Sorry to come back with such crappy news, but it did prompt me to come back! I'll try to get back in the swing of stopping in on here as much as I can despite Pancake & the kitten. If there's anything in particular that could use my attention, feel free to send me a PM.


----------



## SquirtleSquirt (May 9, 2016)

I'm so sorry to hear about the bad news! ): I'm hoping all will go well!


----------



## nikki (Aug 28, 2008)

I'm so sorry to hear this ❤❤


----------



## shinydistraction (Jul 6, 2014)

Oh no! You did so much for Pancake to make her healthy again. I know you gave her a longer and better life than she would have had otherwise.
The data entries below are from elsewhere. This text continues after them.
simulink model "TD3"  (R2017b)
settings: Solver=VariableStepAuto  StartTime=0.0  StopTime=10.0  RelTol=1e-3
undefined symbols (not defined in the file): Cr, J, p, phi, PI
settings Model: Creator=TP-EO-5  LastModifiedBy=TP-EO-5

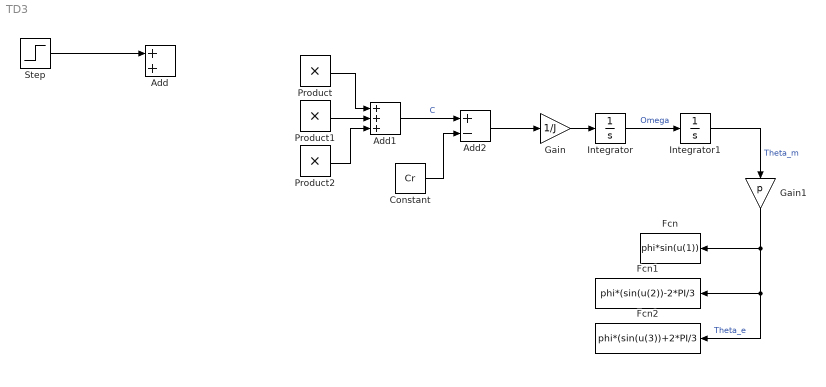
== system TD3 ==
  Add : Sum
  Add1 : Sum  Inputs=+++
  Add2 : Sum  Inputs=+-
  Constant : Constant  Value=Cr
  Fcn : Fcn  Expr=phi*sin(u(1))
  Fcn1 : Fcn  Expr=phi*(sin(u(2))-2*PI/3
  Fcn2 : Fcn  Expr=phi*(sin(u(3))+2*PI/3
  Gain : Gain  Gain=1/J
  Gain1 : Gain  Gain=p
  Integrator : Integrator
  Integrator1 : Integrator
  Product : Product
  Product1 : Product
  Product2 : Product
  Step : Step  SampleTime=0
  wires:
  Step/1 -> Add/1
  Product/1 -> Add1/1
  Add1/1 -> Add2/1  "C"
  Add2/1 -> Gain/1
  Gain/1 -> Integrator/1
  Integrator/1 -> Integrator1/1  "Omega"
  Constant/1 -> Add2/2
  Product1/1 -> Add1/2
  Product2/1 -> Add1/3
  Integrator1/1 -> Gain1/1  "Theta_m"
  Gain1/1 -> Fcn2/1, Fcn1/1, Fcn/1  "Theta_e"

Let me know if you need anything.


----------



## Lilysmommy (Jan 7, 2009)

Thanks guys. ♥ I'm grateful to have gotten nearly two years with her, especially given that 1.5 of that, we weren't sure we would get. She'll be getting lots of snuggles and spoiling for whatever time she has left.


----------



## Yukidama's mama (Apr 4, 2017)

So sorry to hear this, hoping all the best for her ♡


----------



## Quillys_Mom_Punky (Apr 19, 2017)

I know she is in good hands. So sorry to hear. I'll be thinking of you!


----------